§ **DATASET CONTENT**:
--- START ---
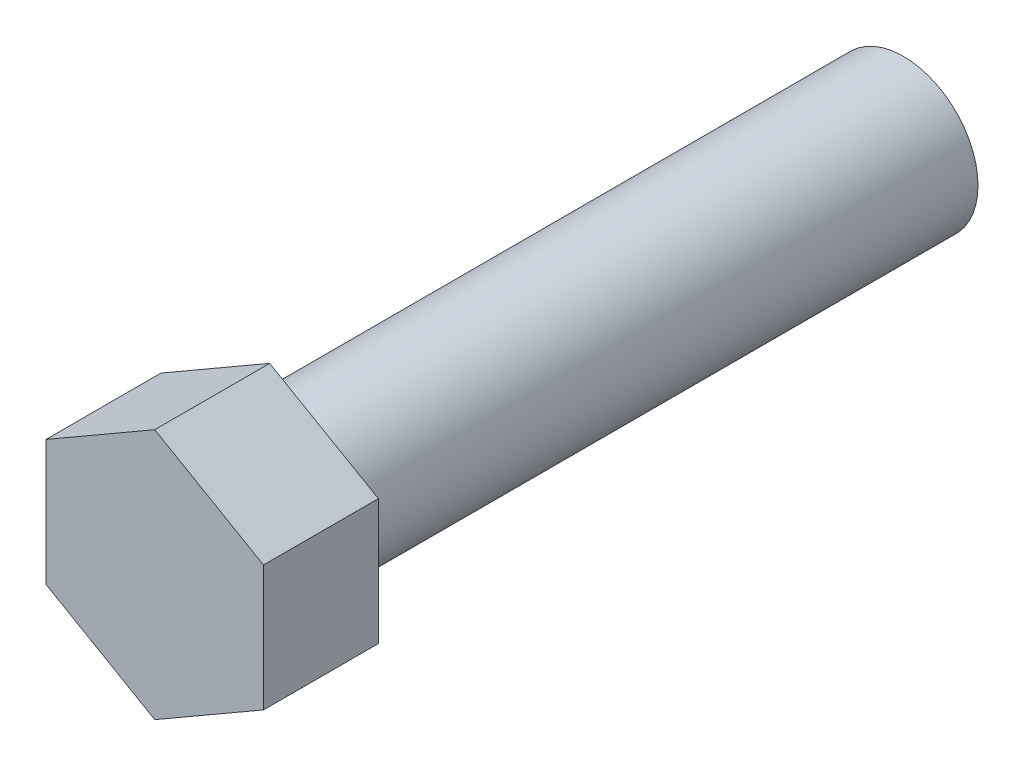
ISO-10303-21;
HEADER;
FILE_DESCRIPTION(('STEP AP214'),'2;1');
FILE_NAME('part.step','',(''),(''),'','','');
FILE_SCHEMA(('AUTOMOTIVE_DESIGN { 1 0 10303 214 1 1 1 1 }'));
ENDSEC;
DATA;
#1=APPLICATION_CONTEXT('core data for automotive mechanical design processes');
#2=APPLICATION_PROTOCOL_DEFINITION('international standard','automotive_design',2000,#1);
#3=PRODUCT_CONTEXT('',#1,'mechanical');
#4=PRODUCT('Part','Part','',(#3));
#5=PRODUCT_RELATED_PRODUCT_CATEGORY('part','',(#4));
#6=PRODUCT_DEFINITION_FORMATION('','',#4);
#7=PRODUCT_DEFINITION_CONTEXT('part definition',#1,'design');
#8=PRODUCT_DEFINITION('design','',#6,#7);
#9=PRODUCT_DEFINITION_SHAPE('','',#8);
#10=(LENGTH_UNIT() NAMED_UNIT(*) SI_UNIT(.MILLI.,.METRE.));
#11=(NAMED_UNIT(*) PLANE_ANGLE_UNIT() SI_UNIT($,.RADIAN.));
#12=(NAMED_UNIT(*) SI_UNIT($,.STERADIAN.) SOLID_ANGLE_UNIT());
#13=UNCERTAINTY_MEASURE_WITH_UNIT(LENGTH_MEASURE(1.E-05),#10,'distance_accuracy_value','');
#14=(GEOMETRIC_REPRESENTATION_CONTEXT(3) GLOBAL_UNCERTAINTY_ASSIGNED_CONTEXT((#13)) GLOBAL_UNIT_ASSIGNED_CONTEXT((#10,
#11,#12)) REPRESENTATION_CONTEXT('',''));
#15=CARTESIAN_POINT('',(0.,0.,0.));
#16=DIRECTION('',(0.,0.,1.));
#17=DIRECTION('',(1.,0.,0.));
#18=AXIS2_PLACEMENT_3D('',#15,#16,#17);
#19=CARTESIAN_POINT('',(55.5625000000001,32.0790243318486,58.7375));
#20=DIRECTION('',(-0.5,-0.866025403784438,0.));
#21=DIRECTION('',(0.866025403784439,-0.5,0.));
#22=AXIS2_PLACEMENT_3D('',#19,#20,#21);
#23=PLANE('',#22);
#24=DIRECTION('',(-0.866025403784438,0.5,0.));
#25=VECTOR('',#24,1.);
#26=CARTESIAN_POINT('',(55.5625000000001,32.0790243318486,0.));
#27=LINE('',#26,#25);
#28=CARTESIAN_POINT('',(55.5625000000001,32.0790243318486,0.));
#29=VERTEX_POINT('',#28);
#30=CARTESIAN_POINT('',(0.,64.1580486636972,0.));
#31=VERTEX_POINT('',#30);
#32=EDGE_CURVE('E133',#29,#31,#27,.T.);
#33=ORIENTED_EDGE('',*,*,#32,.T.);
#34=DIRECTION('',(0.,0.,-1.));
#35=VECTOR('',#34,1.);
#36=CARTESIAN_POINT('',(0.,64.1580486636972,58.7375));
#37=LINE('',#36,#35);
#38=CARTESIAN_POINT('',(0.,64.1580486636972,58.7375));
#39=VERTEX_POINT('',#38);
#40=EDGE_CURVE('E11',#39,#31,#37,.T.);
#41=ORIENTED_EDGE('',*,*,#40,.F.);
#42=DIRECTION('',(-0.866025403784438,0.5,0.));
#43=VECTOR('',#42,1.);
#44=CARTESIAN_POINT('',(55.5625000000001,32.0790243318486,58.7375));
#45=LINE('',#44,#43);
#46=CARTESIAN_POINT('',(55.5625000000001,32.0790243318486,58.7375));
#47=VERTEX_POINT('',#46);
#48=EDGE_CURVE('E151',#47,#39,#45,.T.);
#49=ORIENTED_EDGE('',*,*,#48,.F.);
#50=DIRECTION('',(0.,0.,-1.));
#51=VECTOR('',#50,1.);
#52=CARTESIAN_POINT('',(55.5625000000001,32.0790243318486,58.7375));
#53=LINE('',#52,#51);
#54=EDGE_CURVE('E128',#47,#29,#53,.T.);
#55=ORIENTED_EDGE('',*,*,#54,.T.);
#56=EDGE_LOOP('',(#33,#41,#49,#55));
#57=FACE_BOUND('',#56,.T.);
#58=ADVANCED_FACE('F44',(#57),#23,.F.);
#59=CARTESIAN_POINT('',(0.,64.1580486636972,58.7375));
#60=DIRECTION('',(0.5,-0.866025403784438,0.));
#61=DIRECTION('',(0.866025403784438,0.5,0.));
#62=AXIS2_PLACEMENT_3D('',#59,#60,#61);
#63=PLANE('',#62);
#64=DIRECTION('',(-0.866025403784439,-0.5,0.));
#65=VECTOR('',#64,1.);
#66=CARTESIAN_POINT('',(0.,64.1580486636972,0.));
#67=LINE('',#66,#65);
#68=CARTESIAN_POINT('',(-55.5625000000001,32.0790243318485,0.));
#69=VERTEX_POINT('',#68);
#70=EDGE_CURVE('E138',#31,#69,#67,.T.);
#71=ORIENTED_EDGE('',*,*,#70,.T.);
#72=DIRECTION('',(0.,0.,-1.));
#73=VECTOR('',#72,1.);
#74=CARTESIAN_POINT('',(-55.5625000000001,32.0790243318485,58.7375));
#75=LINE('',#74,#73);
#76=CARTESIAN_POINT('',(-55.5625000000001,32.0790243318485,58.7375));
#77=VERTEX_POINT('',#76);
#78=EDGE_CURVE('E53',#77,#69,#75,.T.);
#79=ORIENTED_EDGE('',*,*,#78,.F.);
#80=DIRECTION('',(-0.866025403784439,-0.5,0.));
#81=VECTOR('',#80,1.);
#82=CARTESIAN_POINT('',(0.,64.1580486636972,58.7375));
#83=LINE('',#82,#81);
#84=EDGE_CURVE('E97',#39,#77,#83,.T.);
#85=ORIENTED_EDGE('',*,*,#84,.F.);
#86=ORIENTED_EDGE('',*,*,#40,.T.);
#87=EDGE_LOOP('',(#71,#79,#85,#86));
#88=FACE_BOUND('',#87,.T.);
#89=ADVANCED_FACE('F177',(#88),#63,.F.);
#90=CARTESIAN_POINT('',(-55.5625000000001,32.0790243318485,58.7375));
#91=DIRECTION('',(1.,0.,0.));
#92=DIRECTION('',(0.,1.,0.));
#93=AXIS2_PLACEMENT_3D('',#90,#91,#92);
#94=PLANE('',#93);
#95=DIRECTION('',(0.,-1.,0.));
#96=VECTOR('',#95,1.);
#97=CARTESIAN_POINT('',(-55.5625000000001,32.0790243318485,0.));
#98=LINE('',#97,#96);
#99=CARTESIAN_POINT('',(-55.5625000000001,-32.0790243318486,0.));
#100=VERTEX_POINT('',#99);
#101=EDGE_CURVE('E142',#69,#100,#98,.T.);
#102=ORIENTED_EDGE('',*,*,#101,.T.);
#103=DIRECTION('',(0.,0.,-1.));
#104=VECTOR('',#103,1.);
#105=CARTESIAN_POINT('',(-55.5625000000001,-32.0790243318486,58.7375));
#106=LINE('',#105,#104);
#107=CARTESIAN_POINT('',(-55.5625000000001,-32.0790243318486,58.7375));
#108=VERTEX_POINT('',#107);
#109=EDGE_CURVE('E123',#108,#100,#106,.T.);
#110=ORIENTED_EDGE('',*,*,#109,.F.);
#111=DIRECTION('',(0.,-1.,0.));
#112=VECTOR('',#111,1.);
#113=CARTESIAN_POINT('',(-55.5625000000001,32.0790243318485,58.7375));
#114=LINE('',#113,#112);
#115=EDGE_CURVE('E115',#77,#108,#114,.T.);
#116=ORIENTED_EDGE('',*,*,#115,.F.);
#117=ORIENTED_EDGE('',*,*,#78,.T.);
#118=EDGE_LOOP('',(#102,#110,#116,#117));
#119=FACE_BOUND('',#118,.T.);
#120=ADVANCED_FACE('F161',(#119),#94,.F.);
#121=CARTESIAN_POINT('',(-55.5625000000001,-32.0790243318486,58.7375));
#122=DIRECTION('',(0.5,0.866025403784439,0.));
#123=DIRECTION('',(-0.866025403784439,0.5,0.));
#124=AXIS2_PLACEMENT_3D('',#121,#122,#123);
#125=PLANE('',#124);
#126=DIRECTION('',(0.866025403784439,-0.5,0.));
#127=VECTOR('',#126,1.);
#128=CARTESIAN_POINT('',(-55.5625000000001,-32.0790243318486,0.));
#129=LINE('',#128,#127);
#130=CARTESIAN_POINT('',(0.,-64.1580486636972,0.));
#131=VERTEX_POINT('',#130);
#132=EDGE_CURVE('E121',#100,#131,#129,.T.);
#133=ORIENTED_EDGE('',*,*,#132,.T.);
#134=DIRECTION('',(0.,0.,-1.));
#135=VECTOR('',#134,1.);
#136=CARTESIAN_POINT('',(0.,-64.1580486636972,58.7375));
#137=LINE('',#136,#135);
#138=CARTESIAN_POINT('',(0.,-64.1580486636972,58.7375));
#139=VERTEX_POINT('',#138);
#140=EDGE_CURVE('E119',#139,#131,#137,.T.);
#141=ORIENTED_EDGE('',*,*,#140,.F.);
#142=DIRECTION('',(0.866025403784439,-0.5,0.));
#143=VECTOR('',#142,1.);
#144=CARTESIAN_POINT('',(-55.5625000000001,-32.0790243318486,58.7375));
#145=LINE('',#144,#143);
#146=EDGE_CURVE('E106',#108,#139,#145,.T.);
#147=ORIENTED_EDGE('',*,*,#146,.F.);
#148=ORIENTED_EDGE('',*,*,#109,.T.);
#149=EDGE_LOOP('',(#133,#141,#147,#148));
#150=FACE_BOUND('',#149,.T.);
#151=ADVANCED_FACE('F118',(#150),#125,.F.);
#152=CARTESIAN_POINT('',(0.,-64.1580486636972,58.7375));
#153=DIRECTION('',(-0.5,0.866025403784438,0.));
#154=DIRECTION('',(-0.866025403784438,-0.5,0.));
#155=AXIS2_PLACEMENT_3D('',#152,#153,#154);
#156=PLANE('',#155);
#157=DIRECTION('',(0.866025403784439,0.5,0.));
#158=VECTOR('',#157,1.);
#159=CARTESIAN_POINT('',(0.,-64.1580486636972,0.));
#160=LINE('',#159,#158);
#161=CARTESIAN_POINT('',(55.5625,-32.0790243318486,0.));
#162=VERTEX_POINT('',#161);
#163=EDGE_CURVE('E84',#131,#162,#160,.T.);
#164=ORIENTED_EDGE('',*,*,#163,.T.);
#165=DIRECTION('',(0.,0.,-1.));
#166=VECTOR('',#165,1.);
#167=CARTESIAN_POINT('',(55.5625,-32.0790243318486,58.7375));
#168=LINE('',#167,#166);
#169=CARTESIAN_POINT('',(55.5625,-32.0790243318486,58.7375));
#170=VERTEX_POINT('',#169);
#171=EDGE_CURVE('E122',#170,#162,#168,.T.);
#172=ORIENTED_EDGE('',*,*,#171,.F.);
#173=DIRECTION('',(0.866025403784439,0.5,0.));
#174=VECTOR('',#173,1.);
#175=CARTESIAN_POINT('',(0.,-64.1580486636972,58.7375));
#176=LINE('',#175,#174);
#177=EDGE_CURVE('E109',#139,#170,#176,.T.);
#178=ORIENTED_EDGE('',*,*,#177,.F.);
#179=ORIENTED_EDGE('',*,*,#140,.T.);
#180=EDGE_LOOP('',(#164,#172,#178,#179));
#181=FACE_BOUND('',#180,.T.);
#182=ADVANCED_FACE('F127',(#181),#156,.F.);
#183=CARTESIAN_POINT('',(55.5625,-32.0790243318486,58.7375));
#184=DIRECTION('',(-1.,0.,0.));
#185=DIRECTION('',(0.,-1.,0.));
#186=AXIS2_PLACEMENT_3D('',#183,#184,#185);
#187=PLANE('',#186);
#188=DIRECTION('',(0.,1.,0.));
#189=VECTOR('',#188,1.);
#190=CARTESIAN_POINT('',(55.5625,-32.0790243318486,0.));
#191=LINE('',#190,#189);
#192=EDGE_CURVE('E93',#162,#29,#191,.T.);
#193=ORIENTED_EDGE('',*,*,#192,.T.);
#194=ORIENTED_EDGE('',*,*,#54,.F.);
#195=DIRECTION('',(0.,1.,0.));
#196=VECTOR('',#195,1.);
#197=CARTESIAN_POINT('',(55.5625,-32.0790243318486,58.7375));
#198=LINE('',#197,#196);
#199=EDGE_CURVE('E62',#170,#47,#198,.T.);
#200=ORIENTED_EDGE('',*,*,#199,.F.);
#201=ORIENTED_EDGE('',*,*,#171,.T.);
#202=EDGE_LOOP('',(#193,#194,#200,#201));
#203=FACE_BOUND('',#202,.T.);
#204=ADVANCED_FACE('F169',(#203),#187,.F.);
#205=CARTESIAN_POINT('',(0.,0.,58.7375));
#206=DIRECTION('',(0.,0.,1.));
#207=DIRECTION('',(1.,0.,0.));
#208=AXIS2_PLACEMENT_3D('',#205,#206,#207);
#209=PLANE('',#208);
#210=ORIENTED_EDGE('',*,*,#48,.T.);
#211=ORIENTED_EDGE('',*,*,#84,.T.);
#212=ORIENTED_EDGE('',*,*,#115,.T.);
#213=ORIENTED_EDGE('',*,*,#146,.T.);
#214=ORIENTED_EDGE('',*,*,#177,.T.);
#215=ORIENTED_EDGE('',*,*,#199,.T.);
#216=EDGE_LOOP('',(#210,#211,#212,#213,#214,#215));
#217=FACE_BOUND('',#216,.T.);
#218=ADVANCED_FACE('F107',(#217),#209,.T.);
#219=CARTESIAN_POINT('',(0.,0.,0.));
#220=DIRECTION('',(0.,0.,1.));
#221=DIRECTION('',(1.,0.,0.));
#222=AXIS2_PLACEMENT_3D('',#219,#220,#221);
#223=PLANE('',#222);
#224=CARTESIAN_POINT('',(0.,0.,0.));
#225=DIRECTION('',(0.,0.,1.));
#226=DIRECTION('',(1.,0.,0.));
#227=AXIS2_PLACEMENT_3D('',#224,#225,#226);
#228=CIRCLE('',#227,38.1);
#229=CARTESIAN_POINT('',(38.1,0.,0.));
#230=VERTEX_POINT('',#229);
#231=EDGE_CURVE('E244',#230,#230,#228,.T.);
#232=ORIENTED_EDGE('',*,*,#231,.T.);
#233=EDGE_LOOP('',(#232));
#234=FACE_BOUND('',#233,.T.);
#235=ORIENTED_EDGE('',*,*,#32,.F.);
#236=ORIENTED_EDGE('',*,*,#192,.F.);
#237=ORIENTED_EDGE('',*,*,#163,.F.);
#238=ORIENTED_EDGE('',*,*,#132,.F.);
#239=ORIENTED_EDGE('',*,*,#101,.F.);
#240=ORIENTED_EDGE('',*,*,#70,.F.);
#241=EDGE_LOOP('',(#235,#236,#237,#238,#239,#240));
#242=FACE_BOUND('',#241,.T.);
#243=ADVANCED_FACE('F163',(#234,#242),#223,.F.);
#244=CARTESIAN_POINT('',(0.,0.,-323.85));
#245=DIRECTION('',(0.,0.,1.));
#246=DIRECTION('',(1.,0.,0.));
#247=AXIS2_PLACEMENT_3D('',#244,#245,#246);
#248=CYLINDRICAL_SURFACE('',#247,38.1);
#249=CARTESIAN_POINT('',(0.,0.,-323.85));
#250=DIRECTION('',(0.,0.,1.));
#251=DIRECTION('',(1.,0.,0.));
#252=AXIS2_PLACEMENT_3D('',#249,#250,#251);
#253=CIRCLE('',#252,38.1);
#254=CARTESIAN_POINT('',(38.1,0.,-323.85));
#255=VERTEX_POINT('',#254);
#256=EDGE_CURVE('E137',#255,#255,#253,.T.);
#257=ORIENTED_EDGE('',*,*,#256,.T.);
#258=EDGE_LOOP('',(#257));
#259=FACE_BOUND('',#258,.T.);
#260=ORIENTED_EDGE('',*,*,#231,.F.);
#261=EDGE_LOOP('',(#260));
#262=FACE_BOUND('',#261,.T.);
#263=ADVANCED_FACE('F217',(#259,#262),#248,.T.);
#264=CARTESIAN_POINT('',(0.,0.,-323.85));
#265=DIRECTION('',(0.,0.,1.));
#266=DIRECTION('',(1.,0.,0.));
#267=AXIS2_PLACEMENT_3D('',#264,#265,#266);
#268=PLANE('',#267);
#269=ORIENTED_EDGE('',*,*,#256,.F.);
#270=EDGE_LOOP('',(#269));
#271=FACE_BOUND('',#270,.T.);
#272=ADVANCED_FACE('F227',(#271),#268,.F.);
#273=CLOSED_SHELL('',(#58,#89,#120,#151,#182,#204,#218,#243,#263,#272));
#274=MANIFOLD_SOLID_BREP('B2',#273);
#275=ADVANCED_BREP_SHAPE_REPRESENTATION('',(#18,#274),#14);
#276=SHAPE_DEFINITION_REPRESENTATION(#9,#275);
ENDSEC;
END-ISO-10303-21;
--- END ---
§ **WHAT TO PRODUCE**:
Only the line with "#8=PRODUCT_DEFINITION('design','',#6,#7);" and those preceding it, back to the first line of the entries, should be repeated exactly, without pictures.

§ **TASK SOLUTION**:
ISO-10303-21;
HEADER;
FILE_DESCRIPTION(('STEP AP214'),'2;1');
FILE_NAME('part.step','',(''),(''),'','','');
FILE_SCHEMA(('AUTOMOTIVE_DESIGN { 1 0 10303 214 1 1 1 1 }'));
ENDSEC;
DATA;
#1=APPLICATION_CONTEXT('core data for automotive mechanical design processes');
#2=APPLICATION_PROTOCOL_DEFINITION('international standard','automotive_design',2000,#1);
#3=PRODUCT_CONTEXT('',#1,'mechanical');
#4=PRODUCT('Part','Part','',(#3));
#5=PRODUCT_RELATED_PRODUCT_CATEGORY('part','',(#4));
#6=PRODUCT_DEFINITION_FORMATION('','',#4);
#7=PRODUCT_DEFINITION_CONTEXT('part definition',#1,'design');
#8=PRODUCT_DEFINITION('design','',#6,#7);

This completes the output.